Every line of the records below from the line with "PLL (3ph) : powerlib_meascontrol/PLL/PLL" up to and including the line with "IM-Motor/3(Isd) -> Scope5/1" must be reproduced exactly, and no line outside that range.

Source records:
★ ★ ★

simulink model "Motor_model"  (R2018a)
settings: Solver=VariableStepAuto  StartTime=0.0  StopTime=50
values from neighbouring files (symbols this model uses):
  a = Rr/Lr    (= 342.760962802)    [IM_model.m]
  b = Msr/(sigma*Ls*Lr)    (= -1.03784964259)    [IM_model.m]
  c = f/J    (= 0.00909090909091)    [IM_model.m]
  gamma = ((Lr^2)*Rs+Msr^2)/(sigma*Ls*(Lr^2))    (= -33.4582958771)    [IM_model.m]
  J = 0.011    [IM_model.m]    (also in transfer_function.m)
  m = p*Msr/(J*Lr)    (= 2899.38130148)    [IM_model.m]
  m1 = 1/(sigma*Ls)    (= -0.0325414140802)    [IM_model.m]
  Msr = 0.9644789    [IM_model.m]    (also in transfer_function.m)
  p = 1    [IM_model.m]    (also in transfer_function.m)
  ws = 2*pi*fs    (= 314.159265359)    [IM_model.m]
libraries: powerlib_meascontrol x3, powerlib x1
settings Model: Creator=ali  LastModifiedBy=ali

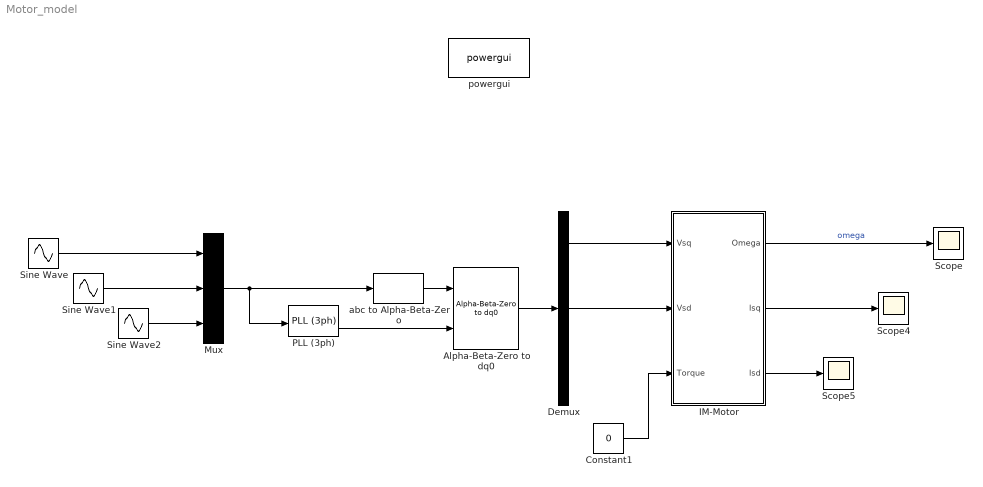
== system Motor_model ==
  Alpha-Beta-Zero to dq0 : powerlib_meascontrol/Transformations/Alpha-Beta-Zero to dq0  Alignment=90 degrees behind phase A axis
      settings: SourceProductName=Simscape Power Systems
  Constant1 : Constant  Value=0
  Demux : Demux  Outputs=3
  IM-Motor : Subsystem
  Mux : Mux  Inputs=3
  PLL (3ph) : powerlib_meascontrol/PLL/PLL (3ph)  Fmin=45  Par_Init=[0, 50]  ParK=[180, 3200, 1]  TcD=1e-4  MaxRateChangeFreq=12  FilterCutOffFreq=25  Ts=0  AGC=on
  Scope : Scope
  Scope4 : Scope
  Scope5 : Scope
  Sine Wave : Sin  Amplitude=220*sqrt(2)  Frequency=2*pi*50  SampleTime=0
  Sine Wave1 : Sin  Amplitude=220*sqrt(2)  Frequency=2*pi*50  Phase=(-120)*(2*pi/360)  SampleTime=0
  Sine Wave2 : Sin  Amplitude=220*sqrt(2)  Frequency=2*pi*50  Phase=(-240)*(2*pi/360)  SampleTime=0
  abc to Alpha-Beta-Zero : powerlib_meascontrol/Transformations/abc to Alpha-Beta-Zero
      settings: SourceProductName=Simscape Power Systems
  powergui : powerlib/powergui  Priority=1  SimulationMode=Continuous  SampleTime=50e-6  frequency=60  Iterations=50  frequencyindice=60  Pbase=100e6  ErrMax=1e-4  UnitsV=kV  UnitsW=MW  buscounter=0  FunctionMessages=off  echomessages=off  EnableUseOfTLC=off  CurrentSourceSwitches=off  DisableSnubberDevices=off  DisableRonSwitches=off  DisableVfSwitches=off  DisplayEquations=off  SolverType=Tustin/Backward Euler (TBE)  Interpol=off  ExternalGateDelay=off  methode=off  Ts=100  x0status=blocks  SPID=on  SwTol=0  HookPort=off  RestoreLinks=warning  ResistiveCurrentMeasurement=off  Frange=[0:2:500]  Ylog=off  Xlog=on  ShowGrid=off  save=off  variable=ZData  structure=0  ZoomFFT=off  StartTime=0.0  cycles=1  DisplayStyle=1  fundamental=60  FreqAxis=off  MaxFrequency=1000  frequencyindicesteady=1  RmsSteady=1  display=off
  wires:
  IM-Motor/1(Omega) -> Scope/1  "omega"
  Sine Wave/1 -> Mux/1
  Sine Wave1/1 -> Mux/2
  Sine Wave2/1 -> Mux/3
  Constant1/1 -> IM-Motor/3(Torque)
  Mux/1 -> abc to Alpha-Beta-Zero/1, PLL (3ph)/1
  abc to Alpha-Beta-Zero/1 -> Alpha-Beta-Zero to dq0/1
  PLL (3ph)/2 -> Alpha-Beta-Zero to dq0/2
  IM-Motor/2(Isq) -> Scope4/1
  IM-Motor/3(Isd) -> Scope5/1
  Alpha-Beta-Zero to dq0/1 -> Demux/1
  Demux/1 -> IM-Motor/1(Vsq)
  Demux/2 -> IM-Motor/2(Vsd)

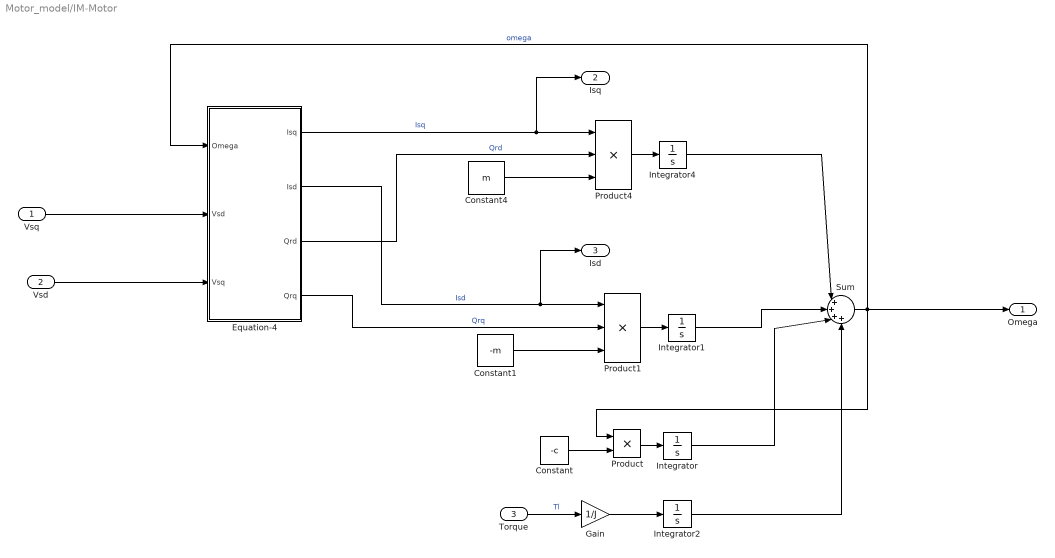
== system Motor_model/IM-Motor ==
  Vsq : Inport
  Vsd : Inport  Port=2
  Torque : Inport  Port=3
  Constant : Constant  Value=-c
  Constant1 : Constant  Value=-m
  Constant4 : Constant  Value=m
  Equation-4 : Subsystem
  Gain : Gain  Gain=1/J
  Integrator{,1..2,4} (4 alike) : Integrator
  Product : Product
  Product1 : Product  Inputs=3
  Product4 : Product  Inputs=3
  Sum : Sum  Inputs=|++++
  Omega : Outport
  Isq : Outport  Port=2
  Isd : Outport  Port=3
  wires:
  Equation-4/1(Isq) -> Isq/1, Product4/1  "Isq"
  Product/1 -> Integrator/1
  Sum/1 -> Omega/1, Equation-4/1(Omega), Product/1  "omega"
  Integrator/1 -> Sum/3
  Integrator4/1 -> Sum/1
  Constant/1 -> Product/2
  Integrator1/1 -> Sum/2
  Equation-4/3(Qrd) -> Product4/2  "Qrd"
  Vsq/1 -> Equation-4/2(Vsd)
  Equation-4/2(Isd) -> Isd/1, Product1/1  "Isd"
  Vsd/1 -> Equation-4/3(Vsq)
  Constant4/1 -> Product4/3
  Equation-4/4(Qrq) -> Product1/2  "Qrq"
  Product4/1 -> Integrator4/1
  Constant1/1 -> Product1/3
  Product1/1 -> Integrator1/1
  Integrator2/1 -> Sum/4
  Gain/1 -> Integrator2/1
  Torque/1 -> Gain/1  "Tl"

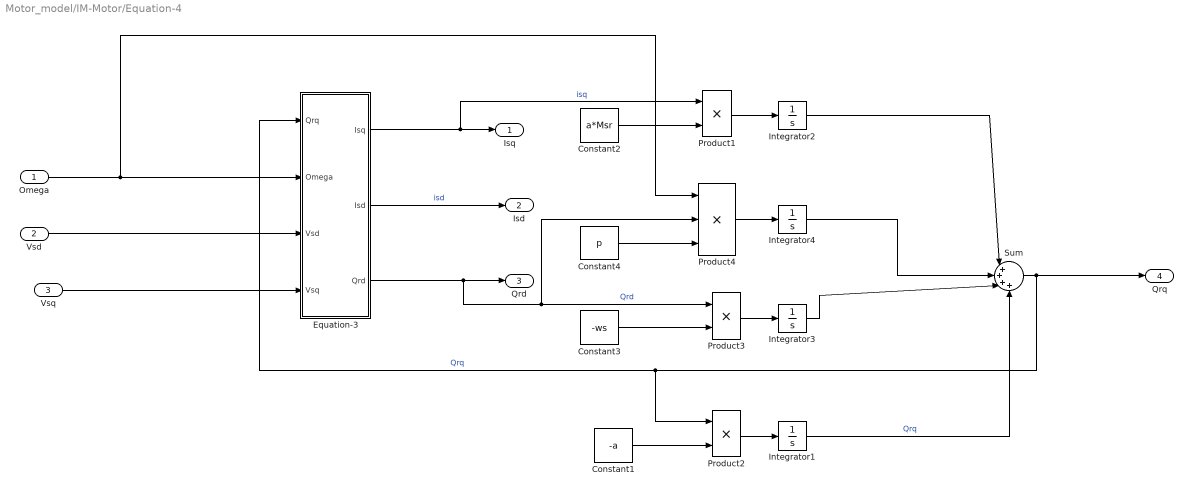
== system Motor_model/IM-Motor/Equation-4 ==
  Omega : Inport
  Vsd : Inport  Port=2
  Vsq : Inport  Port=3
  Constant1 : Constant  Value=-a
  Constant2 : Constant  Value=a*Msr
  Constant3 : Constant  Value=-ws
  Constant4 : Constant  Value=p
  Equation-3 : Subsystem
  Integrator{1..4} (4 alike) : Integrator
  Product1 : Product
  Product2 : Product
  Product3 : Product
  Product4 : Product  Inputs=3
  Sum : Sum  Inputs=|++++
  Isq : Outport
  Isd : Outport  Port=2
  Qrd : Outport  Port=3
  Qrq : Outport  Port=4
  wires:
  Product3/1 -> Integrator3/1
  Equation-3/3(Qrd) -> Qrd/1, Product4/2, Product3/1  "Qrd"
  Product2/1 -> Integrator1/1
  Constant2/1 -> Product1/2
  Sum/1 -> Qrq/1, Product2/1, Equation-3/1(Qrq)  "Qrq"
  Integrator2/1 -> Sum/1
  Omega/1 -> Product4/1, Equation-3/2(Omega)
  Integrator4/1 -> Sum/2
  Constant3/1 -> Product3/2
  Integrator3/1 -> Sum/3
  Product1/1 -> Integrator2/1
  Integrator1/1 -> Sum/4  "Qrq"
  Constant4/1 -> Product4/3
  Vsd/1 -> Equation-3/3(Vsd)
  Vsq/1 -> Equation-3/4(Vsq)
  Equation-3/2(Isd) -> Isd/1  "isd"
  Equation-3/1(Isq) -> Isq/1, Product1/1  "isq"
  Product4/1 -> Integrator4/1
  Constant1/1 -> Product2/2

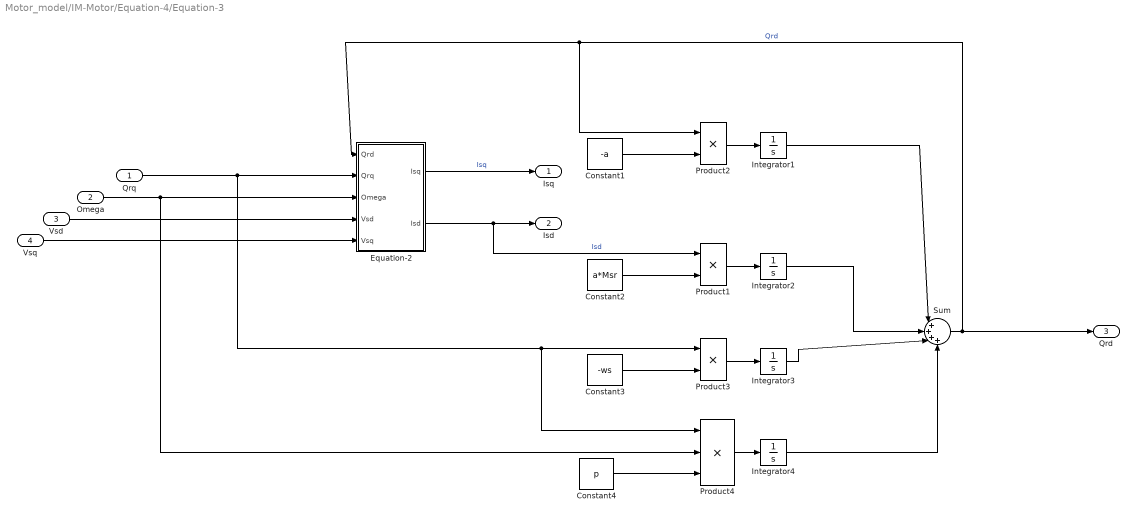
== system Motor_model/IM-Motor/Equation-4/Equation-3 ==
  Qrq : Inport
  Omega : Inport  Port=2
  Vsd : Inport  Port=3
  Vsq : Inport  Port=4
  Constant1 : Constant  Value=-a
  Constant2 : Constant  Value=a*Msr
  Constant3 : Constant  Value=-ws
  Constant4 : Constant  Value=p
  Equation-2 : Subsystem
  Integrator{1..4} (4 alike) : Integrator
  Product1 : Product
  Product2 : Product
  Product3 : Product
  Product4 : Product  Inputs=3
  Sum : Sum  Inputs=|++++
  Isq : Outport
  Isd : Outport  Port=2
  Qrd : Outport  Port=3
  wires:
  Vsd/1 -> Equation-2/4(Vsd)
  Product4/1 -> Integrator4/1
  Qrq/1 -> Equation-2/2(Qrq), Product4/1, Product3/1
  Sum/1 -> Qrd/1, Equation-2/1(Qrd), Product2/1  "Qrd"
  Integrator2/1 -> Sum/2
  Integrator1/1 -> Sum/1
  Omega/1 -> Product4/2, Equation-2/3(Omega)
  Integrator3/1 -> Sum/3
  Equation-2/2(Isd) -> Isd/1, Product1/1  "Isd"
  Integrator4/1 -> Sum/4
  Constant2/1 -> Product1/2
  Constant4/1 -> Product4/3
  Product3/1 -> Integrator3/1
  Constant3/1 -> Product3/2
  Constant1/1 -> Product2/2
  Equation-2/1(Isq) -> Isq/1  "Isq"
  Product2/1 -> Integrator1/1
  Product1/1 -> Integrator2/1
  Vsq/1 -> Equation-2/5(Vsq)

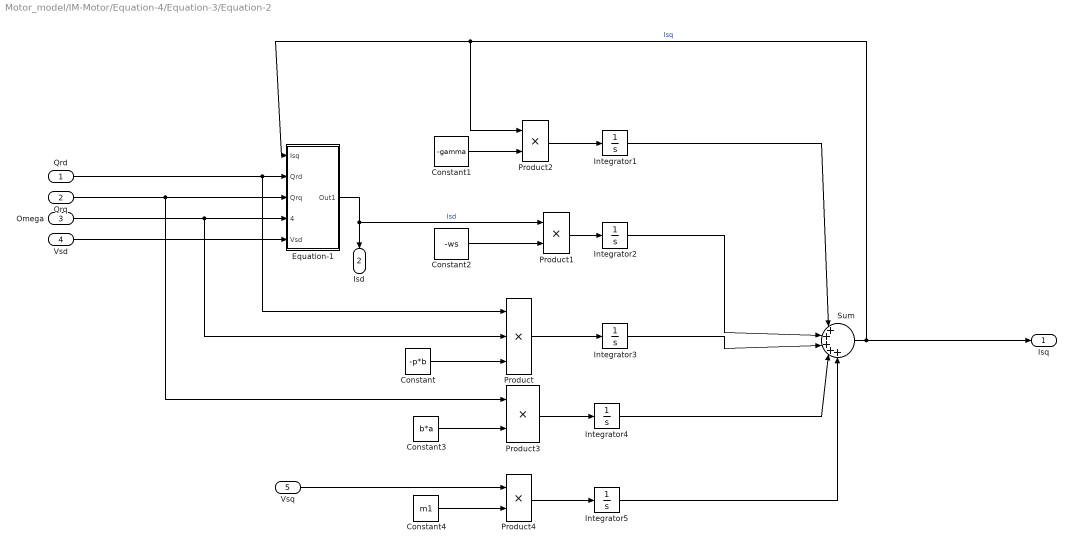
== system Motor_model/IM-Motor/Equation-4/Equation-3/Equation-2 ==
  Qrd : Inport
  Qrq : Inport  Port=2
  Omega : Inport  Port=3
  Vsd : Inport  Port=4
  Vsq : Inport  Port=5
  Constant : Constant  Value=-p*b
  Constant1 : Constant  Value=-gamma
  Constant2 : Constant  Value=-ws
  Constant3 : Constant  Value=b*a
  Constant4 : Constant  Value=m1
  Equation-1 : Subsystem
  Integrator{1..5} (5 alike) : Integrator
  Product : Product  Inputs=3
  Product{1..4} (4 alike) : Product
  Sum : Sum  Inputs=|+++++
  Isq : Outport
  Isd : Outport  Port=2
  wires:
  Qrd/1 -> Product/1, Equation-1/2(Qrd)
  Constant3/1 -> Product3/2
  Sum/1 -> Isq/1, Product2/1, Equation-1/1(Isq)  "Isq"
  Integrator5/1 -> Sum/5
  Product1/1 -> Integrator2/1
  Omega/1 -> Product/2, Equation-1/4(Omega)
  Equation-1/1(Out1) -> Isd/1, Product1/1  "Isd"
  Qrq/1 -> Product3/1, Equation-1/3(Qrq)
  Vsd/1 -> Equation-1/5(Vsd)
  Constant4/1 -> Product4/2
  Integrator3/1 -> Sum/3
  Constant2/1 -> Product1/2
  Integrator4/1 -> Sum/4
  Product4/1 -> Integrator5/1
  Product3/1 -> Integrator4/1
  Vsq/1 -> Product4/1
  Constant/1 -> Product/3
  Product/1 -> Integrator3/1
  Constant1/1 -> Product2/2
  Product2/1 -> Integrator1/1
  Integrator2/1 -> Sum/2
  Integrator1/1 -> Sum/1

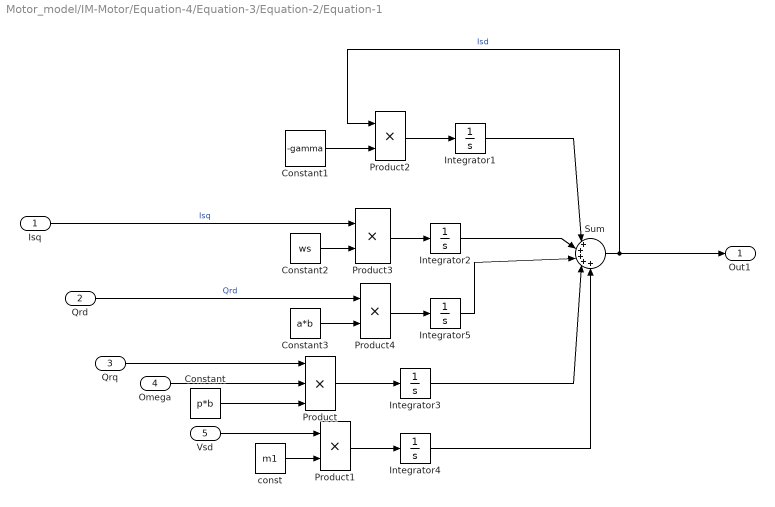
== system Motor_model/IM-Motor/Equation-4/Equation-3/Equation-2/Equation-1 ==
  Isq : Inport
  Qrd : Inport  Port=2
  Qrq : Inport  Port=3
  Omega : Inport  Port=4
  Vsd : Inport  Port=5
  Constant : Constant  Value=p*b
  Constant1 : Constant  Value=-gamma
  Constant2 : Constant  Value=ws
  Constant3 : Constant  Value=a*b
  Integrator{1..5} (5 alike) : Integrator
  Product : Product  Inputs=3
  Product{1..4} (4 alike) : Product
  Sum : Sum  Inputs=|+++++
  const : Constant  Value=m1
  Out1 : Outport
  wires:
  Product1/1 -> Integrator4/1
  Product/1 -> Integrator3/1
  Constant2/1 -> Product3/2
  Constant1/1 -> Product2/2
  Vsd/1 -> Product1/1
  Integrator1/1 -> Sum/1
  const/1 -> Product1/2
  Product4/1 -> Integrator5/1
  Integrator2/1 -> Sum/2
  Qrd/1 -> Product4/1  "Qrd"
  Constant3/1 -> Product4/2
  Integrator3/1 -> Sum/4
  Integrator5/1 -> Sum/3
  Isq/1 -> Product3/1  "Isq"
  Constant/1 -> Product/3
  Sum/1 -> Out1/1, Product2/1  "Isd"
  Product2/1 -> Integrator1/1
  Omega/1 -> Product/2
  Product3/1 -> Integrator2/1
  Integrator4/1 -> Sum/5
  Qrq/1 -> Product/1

★ ★ ★

● Reply to the task
  PLL (3ph) : powerlib_meascontrol/PLL/PLL (3ph)  Fmin=45  Par_Init=[0, 50]  ParK=[180, 3200, 1]  TcD=1e-4  MaxRateChangeFreq=12  FilterCutOffFreq=25  Ts=0  AGC=on
  Scope : Scope
  Scope4 : Scope
  Scope5 : Scope
  Sine Wave : Sin  Amplitude=220*sqrt(2)  Frequency=2*pi*50  SampleTime=0
  Sine Wave1 : Sin  Amplitude=220*sqrt(2)  Frequency=2*pi*50  Phase=(-120)*(2*pi/360)  SampleTime=0
  Sine Wave2 : Sin  Amplitude=220*sqrt(2)  Frequency=2*pi*50  Phase=(-240)*(2*pi/360)  SampleTime=0
  abc to Alpha-Beta-Zero : powerlib_meascontrol/Transformations/abc to Alpha-Beta-Zero
      settings: SourceProductName=Simscape Power Systems
  powergui : powerlib/powergui  Priority=1  SimulationMode=Continuous  SampleTime=50e-6  frequency=60  Iterations=50  frequencyindice=60  Pbase=100e6  ErrMax=1e-4  UnitsV=kV  UnitsW=MW  buscounter=0  FunctionMessages=off  echomessages=off  EnableUseOfTLC=off  CurrentSourceSwitches=off  DisableSnubberDevices=off  DisableRonSwitches=off  DisableVfSwitches=off  DisplayEquations=off  SolverType=Tustin/Backward Euler (TBE)  Interpol=off  ExternalGateDelay=off  methode=off  Ts=100  x0status=blocks  SPID=on  SwTol=0  HookPort=off  RestoreLinks=warning  ResistiveCurrentMeasurement=off  Frange=[0:2:500]  Ylog=off  Xlog=on  ShowGrid=off  save=off  variable=ZData  structure=0  ZoomFFT=off  StartTime=0.0  cycles=1  DisplayStyle=1  fundamental=60  FreqAxis=off  MaxFrequency=1000  frequencyindicesteady=1  RmsSteady=1  display=off
  wires:
  IM-Motor/1(Omega) -> Scope/1  "omega"
  Sine Wave/1 -> Mux/1
  Sine Wave1/1 -> Mux/2
  Sine Wave2/1 -> Mux/3
  Constant1/1 -> IM-Motor/3(Torque)
  Mux/1 -> abc to Alpha-Beta-Zero/1, PLL (3ph)/1
  abc to Alpha-Beta-Zero/1 -> Alpha-Beta-Zero to dq0/1
  PLL (3ph)/2 -> Alpha-Beta-Zero to dq0/2
  IM-Motor/2(Isq) -> Scope4/1
  IM-Motor/3(Isd) -> Scope5/1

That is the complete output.